Activity —
Work out how many lines in the data that follows contain "linetype". Write nothing but the number.

** Input material follows **

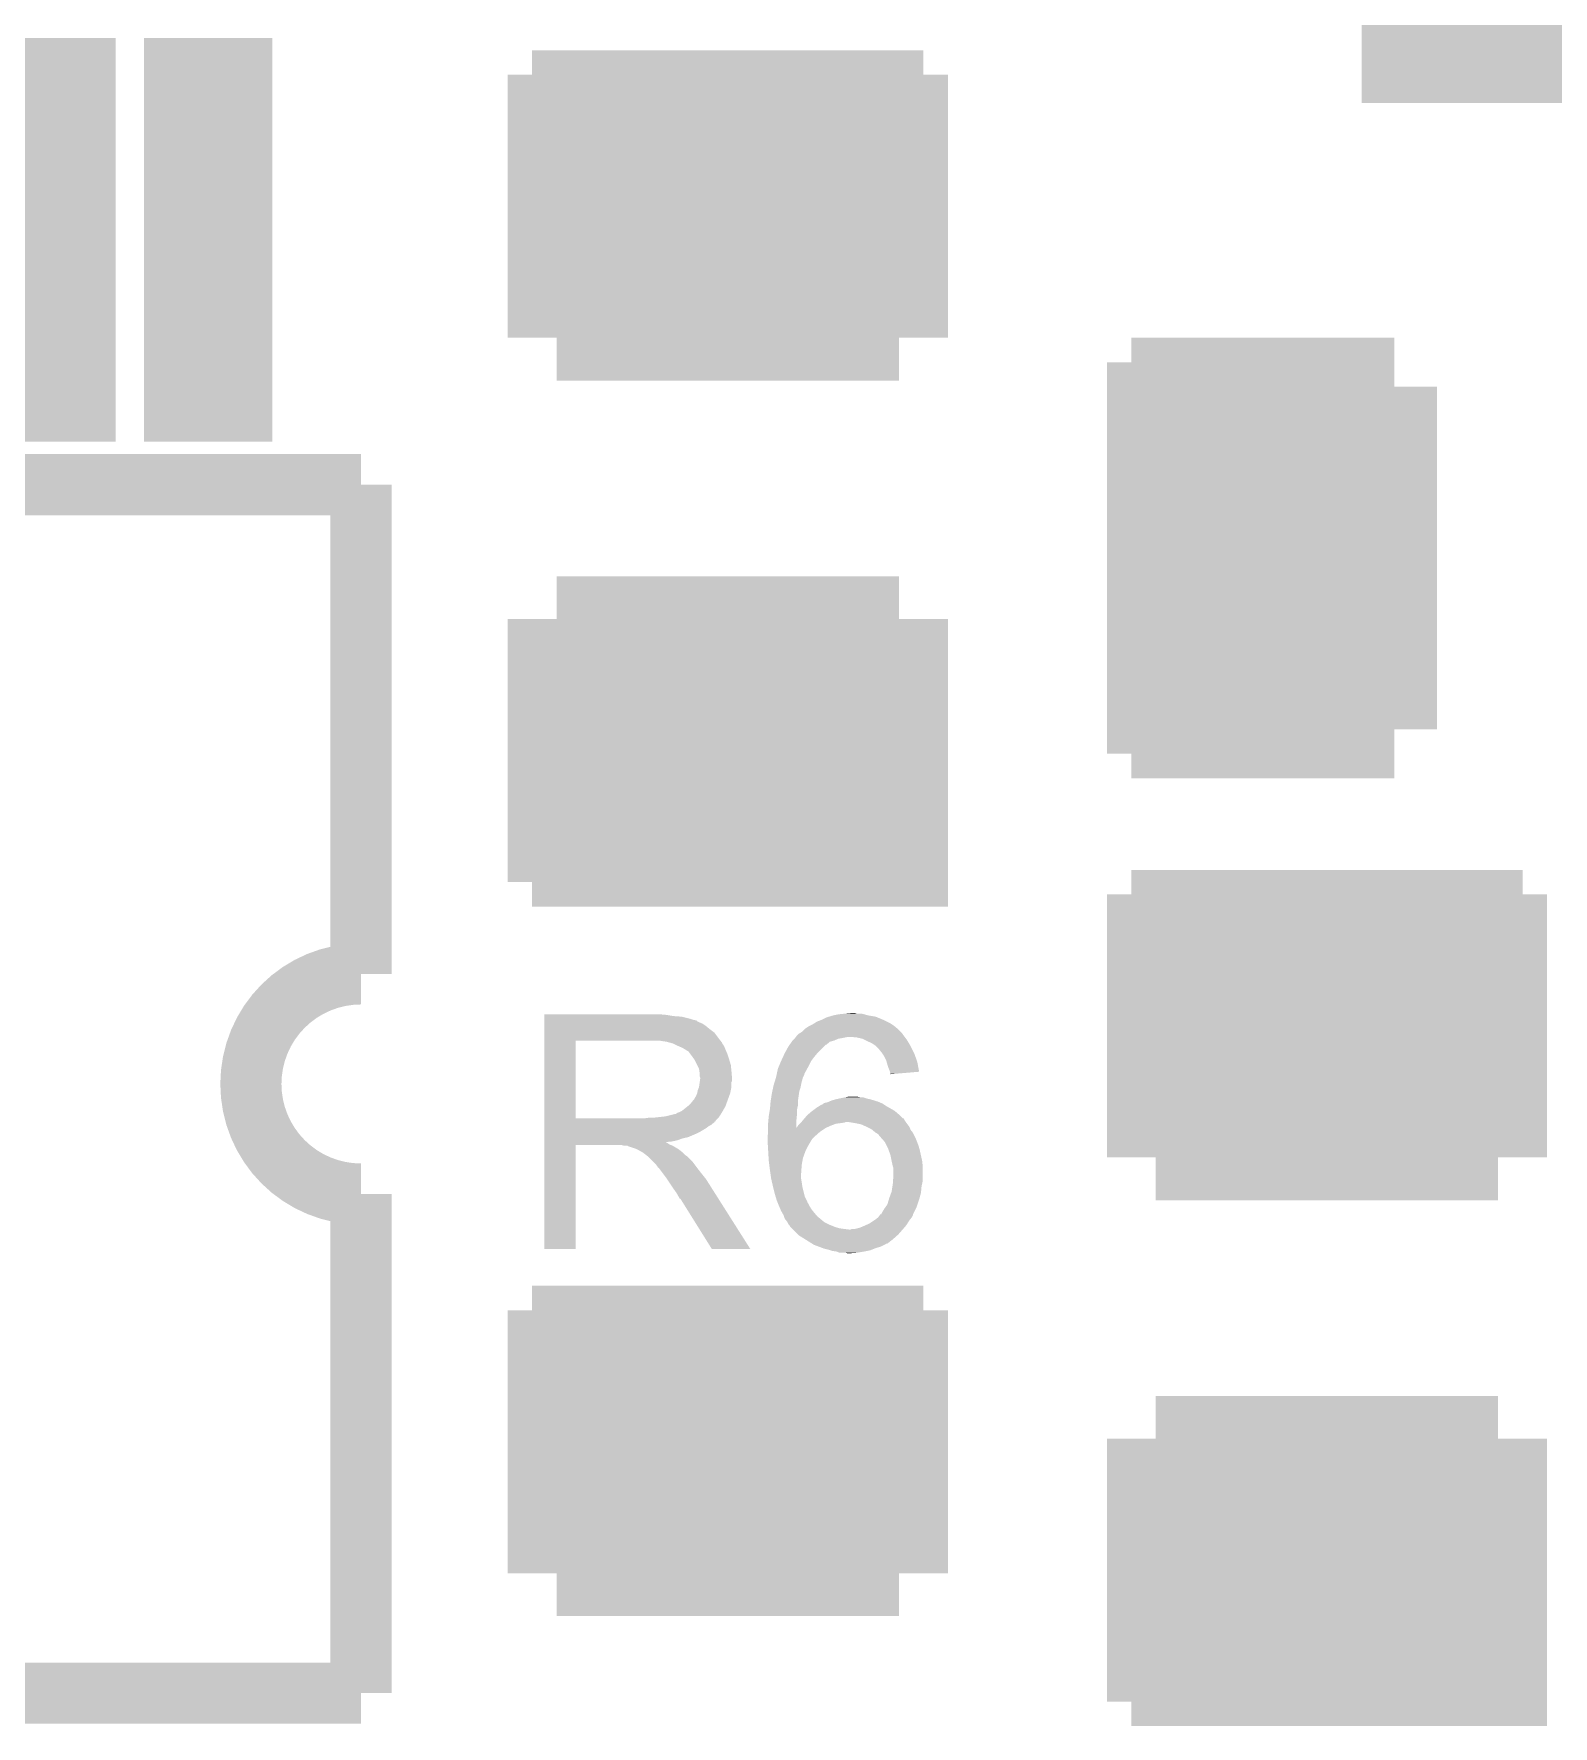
# Model space of a CAD drawing. Extents: x -1.3 to 24.2, y -3.9 to 32.8.
# Drawn here: x 8.42 to 14.73, y 8.05 to 15.08 of the extents above; entities that cross this region are included whole.
import ezdxf

# ---------------------------------------------------------------- set-up
doc = ezdxf.new("R2010")
doc.units = 0
doc.layers.get('0').update_dxf_attribs({"linetype": 'CONTINUOUS'})
doc.layers.add('USB_SPI_CLICK_V101_GTO', color=11, linetype='CONTINUOUS')
doc.layers.add('USB_SPI_CLICK_V101_GTS', color=8, linetype='CONTINUOUS')

# ---------------------------------------------------------------- blocks, each defined once
blk = doc.blocks.new('RECTANGLE_84')
blk.add_solid([(1.17602, 0.72644), (1.17602, -0.72644), (-1.17602, 0.72644), (-1.17602, -0.72644)])
blk = doc.blocks.new('RECTANGLE_85')
blk.add_solid([(0.2667, 0.8382), (0.2667, -0.8382), (-0.2667, 0.8382), (-0.2667, -0.8382)])
blk = doc.blocks.new('RECTANGLE_44')
blk.add_solid([(0.5842, 0.7112), (0.5842, -0.7112), (-0.5842, 0.7112), (-0.5842, -0.7112)])
blk = doc.blocks.new('RECTANGLE_86')
blk.add_solid([(0.7112, 0.5842), (0.7112, -0.5842), (-0.7112, 0.5842), (-0.7112, -0.5842)])

msp = doc.modelspace()

# ---------------------------------------------------------------- linework, layer by layer
at = {"layer": 'USB_SPI_CLICK_V101_GTO'}
for points, const_width in [([(10.4902, 14.9098), (12.1158, 14.9098)], 0.2032), ([(10.4902, 13.8176), (10.4902, 14.9098)], 0.2032), ([(12.1158, 13.8176), (12.1158, 14.9098)], 0.2032), ([(12.9794, 12.0904), (12.9794, 13.716)], 0.2032), ([(12.9794, 13.716), (14.0716, 13.716)], 0.2032), ([(2.72796, 13.208), (9.779, 13.208)], 0.254), ([(9.779, 11.176), (9.779, 13.208)], 0.254), ([(10.4902, 11.557), (12.1158, 11.557), (12.1158, 12.6492)], 0.2032), ([(10.4902, 11.557), (10.4902, 12.6492)], 0.2032), ([(12.9794, 12.0904), (14.0716, 12.0904)], 0.2032), ([(12.9794, 11.5062), (14.605, 11.5062)], 0.2032), ([(12.9794, 10.414), (12.9794, 11.5062)], 0.2032), ([(14.605, 10.414), (14.605, 11.5062)], 0.2032), ([(9.779, 8.18896), (9.779, 10.2616)], 0.254), ([(10.4902, 9.779), (12.1158, 9.779)], 0.2032), ([(10.4902, 8.6868), (10.4902, 9.779)], 0.2032), ([(12.1158, 8.6868), (12.1158, 9.779)], 0.2032), ([(12.9794, 8.1534), (14.605, 8.1534), (14.605, 9.2456)], 0.2032), ([(12.9794, 8.1534), (12.9794, 9.2456)], 0.2032), ([(2.72796, 8.18896), (9.779, 8.18896)], 0.254)]:
    msp.add_lwpolyline(points, dxfattribs=dict(at, const_width=const_width))
at = {"layer": 'USB_SPI_CLICK_V101_GTO', "const_width": 0.254}
msp.add_lwpolyline([(9.779, 11.176, 1), (9.779, 10.2616)], format="xyb", dxfattribs=at)
at = {"layer": 'USB_SPI_CLICK_V101_GTO'}
for points in [[(10.54102, 11.00582), (10.541022, 11.00836), (11.04646, 11.00582), (11.01852, 11.00836)], [(10.54102, 11.00074), (10.54102, 11.00582), (11.076938, 11.00074), (11.04646, 11.00582)], [(10.54102, 10.9982), (10.54102, 11.00074), (11.1125, 10.9982), (11.076938, 11.00074)], [(10.54102, 10.99058), (10.54102, 10.9982), (11.142978, 10.99058), (11.1125, 10.9982)], [(10.54102, 10.9855), (10.54102, 10.99058), (11.158222, 10.9855), (11.142978, 10.99058)], [(10.54102, 10.98296), (10.54102, 10.9855), (11.170922, 10.98296), (11.158222, 10.9855)], [(10.54102, 10.982938), (10.54102, 10.98296), (11.17346, 10.982938), (11.170922, 10.98296)], [(10.54102, 10.980414), (10.54102, 10.982938), (11.173474, 10.980414), (11.17346, 10.982938)], [(10.54102, 10.97534), (10.54102, 10.980414), (11.18362, 10.97534), (11.173474, 10.980414)], [(10.54102, 10.970258), (10.54102, 10.97534), (11.196322, 10.970258), (11.18362, 10.97534)], [(10.54102, 10.9601), (10.54102, 10.970258), (11.21156, 10.9601), (11.196322, 10.970258)], [(11.64336, 10.9601), (11.653518, 10.96518), (11.99388, 10.9601), (11.98626, 10.96518)], [(11.653518, 10.96518), (11.661642, 10.970258), (11.98626, 10.96518), (11.978642, 10.970258)], [(11.661642, 10.970258), (11.673838, 10.97788), (11.978642, 10.970258), (11.9634, 10.97788)], [(11.673838, 10.97788), (11.69416, 10.9855), (11.9634, 10.97788), (11.94816, 10.9855)], [(11.69416, 10.9855), (11.714482, 10.995662), (11.94816, 10.9855), (11.92377, 10.995662)], [(11.714482, 10.995662), (11.722936, 10.998198), (11.92377, 10.995662), (11.917682, 10.998198)], [(11.722936, 10.998198), (11.739878, 11.00328), (11.917682, 10.998198), (11.8872, 11.00328)], [(11.739878, 11.00328), (11.765278, 11.00836), (11.8872, 11.00328), (11.868576, 11.00836)], [(11.765278, 11.00836), (11.79068, 11.0109), (11.868576, 11.00836), (11.859264, 11.0109)], [(11.79068, 11.0109), (11.818596, 11.013438), (11.838944, 11.0109), (11.831322, 11.013438)], [(11.818596, 11.013438), (11.818618, 11.01344), (11.831322, 11.013438), (11.818618, 11.01344)], [(10.541012, 10.576582), (10.541018, 10.89912), (10.67054, 10.576582), (10.670542, 10.89912)], [(10.541018, 10.91184), (10.54102, 10.932158), (11.26236, 10.91184), (11.247122, 10.932158)], [(10.541018, 10.89914), (10.541018, 10.91184), (11.272238, 10.89914), (11.26236, 10.91184)], [(10.541018, 10.89912), (10.541018, 10.89914), (10.670542, 10.89912), (10.97788, 10.89914)], [(10.54102, 10.9474), (10.54102, 10.9601), (11.2268, 10.9474), (11.21156, 10.9601)], [(10.54102, 10.932158), (10.54102, 10.9474), (11.247122, 10.932158), (11.2268, 10.9474)], [(11.049002, 10.89406), (11.015982, 10.89914), (11.276188, 10.89406), (11.272238, 10.89914)], [(11.067642, 10.888976), (11.049002, 10.89406), (11.28014, 10.888976), (11.276188, 10.89406)], [(11.559794, 10.88136), (11.568682, 10.894058), (11.711934, 10.88136), (11.727178, 10.894058)], [(11.568682, 10.894058), (11.572238, 10.899138), (11.727178, 10.894058), (11.74496, 10.899138)], [(11.572238, 10.899138), (11.572242, 10.899142), (11.74496, 10.899138), (11.744968, 10.899142)], [(11.572242, 10.899142), (11.579856, 10.906758), (11.744968, 10.899142), (11.762738, 10.906758)], [(11.579856, 10.906758), (11.582398, 10.9093), (11.762738, 10.906758), (11.77798, 10.9093)], [(11.582398, 10.9093), (11.5824, 10.909302), (11.77798, 10.9093), (11.777988, 10.909302)], [(11.5824, 10.909302), (11.58621, 10.91438), (11.777988, 10.909302), (11.803378, 10.91438)], [(11.58621, 10.91438), (11.590022, 10.91946), (12.037696, 10.91438), (12.033886, 10.91946)], [(11.590022, 10.91946), (11.59256, 10.922), (12.033886, 10.91946), (12.03198, 10.922)], [(11.59256, 10.922), (11.597642, 10.927082), (12.03198, 10.922), (12.028592, 10.927082)], [(11.597642, 10.927082), (11.601872, 10.92962), (12.028592, 10.927082), (12.0269, 10.92962)], [(11.601872, 10.92962), (11.610342, 10.934702), (12.0269, 10.92962), (12.021818, 10.934702)], [(11.610342, 10.934702), (11.62304, 10.9474), (12.021818, 10.934702), (12.00912, 10.9474)], [(11.62304, 10.9474), (11.623042, 10.947402), (12.00912, 10.9474), (12.009118, 10.947402)], [(11.623042, 10.947402), (11.638282, 10.95756), (12.009118, 10.947402), (11.99693, 10.95756)], [(11.638282, 10.95756), (11.64336, 10.9601), (11.99693, 10.95756), (11.99388, 10.9601)], [(11.838938, 10.91184), (11.813542, 10.91438), (12.039602, 10.91184), (12.037696, 10.91438)], [(11.861798, 10.906762), (11.838938, 10.91184), (12.04341, 10.906762), (12.039602, 10.91184)], [(11.871966, 10.901678), (11.861798, 10.906762), (12.047222, 10.901678), (12.04341, 10.906762)], [(11.88212, 10.8966), (11.871966, 10.901678), (12.05027, 10.8966), (12.047222, 10.901678)], [(11.8999, 10.88898), (11.88212, 10.8966), (12.054842, 10.88898), (12.05027, 10.8966)], [(11.07694, 10.88644), (11.067642, 10.888976), (11.280144, 10.88644), (11.28014, 10.888976)], [(11.076952, 10.886434), (11.07694, 10.88644), (11.280144, 10.886434), (11.280144, 10.88644)], [(11.09726, 10.87628), (11.076952, 10.886434), (11.28776, 10.87628), (11.280144, 10.886434)], [(11.11504, 10.86866), (11.09726, 10.87628), (11.290808, 10.86866), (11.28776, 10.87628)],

** End of Input material **

Answer for this exercise —
3